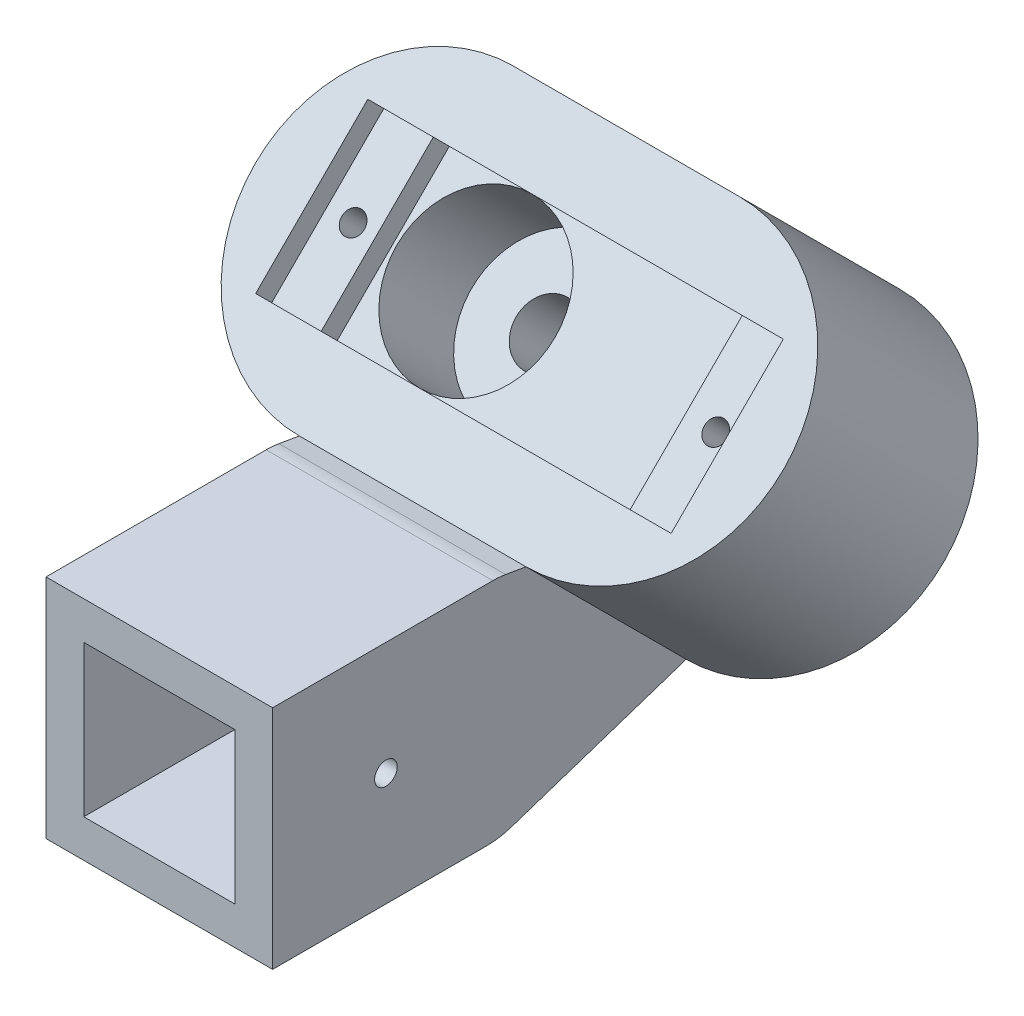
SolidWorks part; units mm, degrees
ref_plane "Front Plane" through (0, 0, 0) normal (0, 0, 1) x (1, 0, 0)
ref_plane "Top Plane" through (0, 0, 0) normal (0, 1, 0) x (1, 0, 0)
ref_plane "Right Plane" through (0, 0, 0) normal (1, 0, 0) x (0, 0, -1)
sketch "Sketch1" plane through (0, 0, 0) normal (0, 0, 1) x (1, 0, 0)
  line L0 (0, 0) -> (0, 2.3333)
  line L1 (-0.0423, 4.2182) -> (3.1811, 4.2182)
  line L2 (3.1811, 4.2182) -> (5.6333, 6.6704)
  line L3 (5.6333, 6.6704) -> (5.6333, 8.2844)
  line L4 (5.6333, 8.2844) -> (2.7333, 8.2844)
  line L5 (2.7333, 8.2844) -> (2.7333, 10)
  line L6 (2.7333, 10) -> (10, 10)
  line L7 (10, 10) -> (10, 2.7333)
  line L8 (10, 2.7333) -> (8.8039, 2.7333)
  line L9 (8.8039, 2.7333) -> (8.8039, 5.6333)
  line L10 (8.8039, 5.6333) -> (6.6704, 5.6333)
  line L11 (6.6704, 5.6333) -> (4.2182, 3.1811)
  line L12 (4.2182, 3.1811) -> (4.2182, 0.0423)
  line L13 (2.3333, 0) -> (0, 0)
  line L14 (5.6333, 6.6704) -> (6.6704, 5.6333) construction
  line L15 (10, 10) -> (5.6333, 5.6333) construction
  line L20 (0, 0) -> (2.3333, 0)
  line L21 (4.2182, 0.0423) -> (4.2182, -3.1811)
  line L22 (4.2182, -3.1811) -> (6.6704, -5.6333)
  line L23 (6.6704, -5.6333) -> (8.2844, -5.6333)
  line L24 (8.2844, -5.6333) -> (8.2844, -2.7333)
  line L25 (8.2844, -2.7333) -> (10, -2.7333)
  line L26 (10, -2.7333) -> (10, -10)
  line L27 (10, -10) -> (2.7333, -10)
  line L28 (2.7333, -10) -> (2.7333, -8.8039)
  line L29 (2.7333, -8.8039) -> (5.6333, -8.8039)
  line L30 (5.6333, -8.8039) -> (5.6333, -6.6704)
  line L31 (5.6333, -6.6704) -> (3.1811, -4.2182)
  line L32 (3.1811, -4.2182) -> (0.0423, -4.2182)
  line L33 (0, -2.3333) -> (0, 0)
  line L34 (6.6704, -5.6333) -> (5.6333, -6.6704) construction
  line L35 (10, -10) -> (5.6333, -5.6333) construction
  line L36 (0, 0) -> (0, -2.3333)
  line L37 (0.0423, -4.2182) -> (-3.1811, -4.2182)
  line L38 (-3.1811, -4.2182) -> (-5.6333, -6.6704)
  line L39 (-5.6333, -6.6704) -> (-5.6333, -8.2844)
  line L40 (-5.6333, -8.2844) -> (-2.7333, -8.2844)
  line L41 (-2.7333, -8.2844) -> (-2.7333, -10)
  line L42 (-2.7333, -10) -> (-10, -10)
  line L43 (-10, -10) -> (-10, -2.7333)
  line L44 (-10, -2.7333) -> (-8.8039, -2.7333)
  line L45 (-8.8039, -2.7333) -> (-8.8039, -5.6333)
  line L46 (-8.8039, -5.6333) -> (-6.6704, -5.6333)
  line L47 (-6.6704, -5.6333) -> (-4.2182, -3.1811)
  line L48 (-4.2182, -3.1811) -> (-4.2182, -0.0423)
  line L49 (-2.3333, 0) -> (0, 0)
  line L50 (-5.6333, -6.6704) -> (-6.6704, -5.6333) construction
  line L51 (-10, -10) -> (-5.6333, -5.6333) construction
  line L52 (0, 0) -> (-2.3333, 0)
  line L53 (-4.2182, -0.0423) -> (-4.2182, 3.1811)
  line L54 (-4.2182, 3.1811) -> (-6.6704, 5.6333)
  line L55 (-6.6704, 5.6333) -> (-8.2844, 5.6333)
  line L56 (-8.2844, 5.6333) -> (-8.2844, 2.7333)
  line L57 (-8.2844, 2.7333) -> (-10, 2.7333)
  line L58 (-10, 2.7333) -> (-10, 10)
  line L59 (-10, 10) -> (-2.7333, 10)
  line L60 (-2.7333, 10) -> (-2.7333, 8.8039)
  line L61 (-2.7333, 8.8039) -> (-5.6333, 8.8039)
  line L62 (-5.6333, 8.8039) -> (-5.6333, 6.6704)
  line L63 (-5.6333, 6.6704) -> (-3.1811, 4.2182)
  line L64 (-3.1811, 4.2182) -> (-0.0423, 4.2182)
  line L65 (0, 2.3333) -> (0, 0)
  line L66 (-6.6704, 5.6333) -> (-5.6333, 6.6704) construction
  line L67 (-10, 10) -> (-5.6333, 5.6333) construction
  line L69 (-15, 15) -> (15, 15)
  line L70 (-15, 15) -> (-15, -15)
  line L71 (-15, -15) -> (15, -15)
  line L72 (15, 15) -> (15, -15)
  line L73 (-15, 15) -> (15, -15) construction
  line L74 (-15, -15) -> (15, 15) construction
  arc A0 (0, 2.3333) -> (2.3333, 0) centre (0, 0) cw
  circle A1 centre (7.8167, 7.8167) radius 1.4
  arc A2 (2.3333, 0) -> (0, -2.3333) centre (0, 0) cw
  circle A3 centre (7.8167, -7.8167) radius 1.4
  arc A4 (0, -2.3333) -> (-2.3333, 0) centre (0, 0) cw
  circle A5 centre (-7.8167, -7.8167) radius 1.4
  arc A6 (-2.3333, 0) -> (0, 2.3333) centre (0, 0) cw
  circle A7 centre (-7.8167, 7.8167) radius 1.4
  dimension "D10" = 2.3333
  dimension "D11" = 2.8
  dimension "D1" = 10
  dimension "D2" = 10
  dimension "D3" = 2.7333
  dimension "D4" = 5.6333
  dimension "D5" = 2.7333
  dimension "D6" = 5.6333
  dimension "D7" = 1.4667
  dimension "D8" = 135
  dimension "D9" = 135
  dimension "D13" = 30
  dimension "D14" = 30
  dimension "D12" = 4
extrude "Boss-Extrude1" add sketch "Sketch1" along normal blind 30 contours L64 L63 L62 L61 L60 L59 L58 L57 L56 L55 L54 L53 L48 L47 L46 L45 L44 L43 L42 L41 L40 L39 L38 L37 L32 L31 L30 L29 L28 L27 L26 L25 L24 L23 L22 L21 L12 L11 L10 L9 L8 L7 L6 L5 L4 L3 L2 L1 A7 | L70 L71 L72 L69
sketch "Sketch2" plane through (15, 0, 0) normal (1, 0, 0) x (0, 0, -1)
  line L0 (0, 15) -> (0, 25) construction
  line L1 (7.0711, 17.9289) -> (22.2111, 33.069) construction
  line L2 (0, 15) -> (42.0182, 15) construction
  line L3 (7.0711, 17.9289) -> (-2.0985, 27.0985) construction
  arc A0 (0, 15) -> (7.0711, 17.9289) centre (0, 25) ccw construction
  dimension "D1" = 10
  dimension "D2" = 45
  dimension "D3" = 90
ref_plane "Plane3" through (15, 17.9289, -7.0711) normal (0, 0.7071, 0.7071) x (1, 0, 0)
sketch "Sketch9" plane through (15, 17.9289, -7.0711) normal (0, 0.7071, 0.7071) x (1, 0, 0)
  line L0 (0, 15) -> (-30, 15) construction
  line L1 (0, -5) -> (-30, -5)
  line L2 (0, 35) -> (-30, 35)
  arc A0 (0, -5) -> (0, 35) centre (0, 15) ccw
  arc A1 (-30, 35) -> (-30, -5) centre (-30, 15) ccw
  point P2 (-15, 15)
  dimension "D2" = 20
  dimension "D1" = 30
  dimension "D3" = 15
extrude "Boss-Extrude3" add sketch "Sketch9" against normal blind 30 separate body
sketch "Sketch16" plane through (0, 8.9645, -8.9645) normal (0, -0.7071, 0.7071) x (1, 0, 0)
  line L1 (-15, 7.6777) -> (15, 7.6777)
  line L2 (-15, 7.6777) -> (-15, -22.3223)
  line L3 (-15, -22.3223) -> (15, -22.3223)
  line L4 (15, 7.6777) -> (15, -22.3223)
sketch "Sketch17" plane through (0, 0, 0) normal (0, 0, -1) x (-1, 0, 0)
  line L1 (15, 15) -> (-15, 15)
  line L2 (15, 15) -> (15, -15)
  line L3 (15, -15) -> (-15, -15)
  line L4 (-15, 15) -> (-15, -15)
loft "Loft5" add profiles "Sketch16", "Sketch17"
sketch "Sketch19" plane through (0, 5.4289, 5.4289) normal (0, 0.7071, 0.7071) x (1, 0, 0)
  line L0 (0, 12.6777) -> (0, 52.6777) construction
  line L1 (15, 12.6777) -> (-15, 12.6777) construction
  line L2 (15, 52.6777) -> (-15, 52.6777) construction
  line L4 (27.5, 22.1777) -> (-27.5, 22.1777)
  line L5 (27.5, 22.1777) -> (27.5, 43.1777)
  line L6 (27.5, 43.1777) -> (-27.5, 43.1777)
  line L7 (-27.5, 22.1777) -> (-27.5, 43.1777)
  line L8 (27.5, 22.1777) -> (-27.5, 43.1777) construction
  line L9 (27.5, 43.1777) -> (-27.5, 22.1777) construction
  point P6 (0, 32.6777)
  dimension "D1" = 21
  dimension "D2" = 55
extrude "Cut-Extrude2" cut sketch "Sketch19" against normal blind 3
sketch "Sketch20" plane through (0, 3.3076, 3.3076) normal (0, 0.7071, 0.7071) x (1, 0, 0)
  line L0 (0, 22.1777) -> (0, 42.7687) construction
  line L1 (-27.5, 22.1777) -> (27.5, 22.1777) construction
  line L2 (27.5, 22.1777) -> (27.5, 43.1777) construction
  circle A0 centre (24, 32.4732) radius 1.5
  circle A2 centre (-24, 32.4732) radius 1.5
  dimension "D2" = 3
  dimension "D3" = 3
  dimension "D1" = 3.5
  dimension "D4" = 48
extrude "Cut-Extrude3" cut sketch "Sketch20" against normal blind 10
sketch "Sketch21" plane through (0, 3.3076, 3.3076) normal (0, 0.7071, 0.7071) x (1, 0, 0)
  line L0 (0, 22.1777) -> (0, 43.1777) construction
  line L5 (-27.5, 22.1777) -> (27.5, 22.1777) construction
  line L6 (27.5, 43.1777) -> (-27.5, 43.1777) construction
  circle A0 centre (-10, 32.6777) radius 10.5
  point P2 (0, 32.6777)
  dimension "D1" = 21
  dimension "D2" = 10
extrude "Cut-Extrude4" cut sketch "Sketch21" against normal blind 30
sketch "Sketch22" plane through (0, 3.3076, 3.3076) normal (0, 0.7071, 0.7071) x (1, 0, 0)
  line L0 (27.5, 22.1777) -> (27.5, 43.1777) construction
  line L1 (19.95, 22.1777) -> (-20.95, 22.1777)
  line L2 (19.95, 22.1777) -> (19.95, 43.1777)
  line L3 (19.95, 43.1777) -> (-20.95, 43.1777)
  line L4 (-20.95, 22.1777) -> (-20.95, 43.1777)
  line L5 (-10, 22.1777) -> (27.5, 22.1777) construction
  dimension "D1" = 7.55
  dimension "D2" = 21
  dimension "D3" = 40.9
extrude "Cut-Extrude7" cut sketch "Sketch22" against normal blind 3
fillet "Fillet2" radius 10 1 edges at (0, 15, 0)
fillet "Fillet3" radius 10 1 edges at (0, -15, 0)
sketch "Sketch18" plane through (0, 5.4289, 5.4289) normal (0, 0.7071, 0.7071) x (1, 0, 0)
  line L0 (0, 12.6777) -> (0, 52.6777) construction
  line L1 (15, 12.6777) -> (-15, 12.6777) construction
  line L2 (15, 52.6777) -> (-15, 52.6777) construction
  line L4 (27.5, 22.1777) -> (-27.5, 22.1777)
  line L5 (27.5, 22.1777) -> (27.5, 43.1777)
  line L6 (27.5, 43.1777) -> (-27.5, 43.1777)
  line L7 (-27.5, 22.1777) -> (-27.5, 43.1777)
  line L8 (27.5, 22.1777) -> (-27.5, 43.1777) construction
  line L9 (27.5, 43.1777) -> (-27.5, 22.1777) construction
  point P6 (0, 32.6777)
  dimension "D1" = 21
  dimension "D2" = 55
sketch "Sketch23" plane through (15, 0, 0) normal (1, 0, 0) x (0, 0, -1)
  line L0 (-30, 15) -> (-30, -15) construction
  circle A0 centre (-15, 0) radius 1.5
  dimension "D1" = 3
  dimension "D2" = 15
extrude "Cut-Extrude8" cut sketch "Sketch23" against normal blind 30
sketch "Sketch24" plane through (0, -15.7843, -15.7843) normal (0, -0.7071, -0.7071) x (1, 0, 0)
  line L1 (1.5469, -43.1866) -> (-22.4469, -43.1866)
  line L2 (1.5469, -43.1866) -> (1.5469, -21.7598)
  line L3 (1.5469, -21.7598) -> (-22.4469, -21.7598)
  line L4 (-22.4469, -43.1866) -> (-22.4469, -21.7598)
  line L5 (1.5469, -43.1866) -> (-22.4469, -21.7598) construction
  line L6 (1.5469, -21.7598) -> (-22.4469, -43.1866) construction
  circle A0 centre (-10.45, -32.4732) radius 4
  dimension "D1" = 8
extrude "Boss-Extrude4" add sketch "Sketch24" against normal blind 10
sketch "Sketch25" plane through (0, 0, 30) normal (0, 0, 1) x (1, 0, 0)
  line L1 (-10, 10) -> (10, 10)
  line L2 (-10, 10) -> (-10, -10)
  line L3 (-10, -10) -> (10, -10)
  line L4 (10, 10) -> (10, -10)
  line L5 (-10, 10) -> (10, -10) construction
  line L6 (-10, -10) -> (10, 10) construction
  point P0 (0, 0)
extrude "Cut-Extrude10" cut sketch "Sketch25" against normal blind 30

● ● ●

▸ **ACTIVITY**
How many lines in the data above hold the word "circle"? Answer with the number alone.

▸ **THE COMPLETED TASK**
9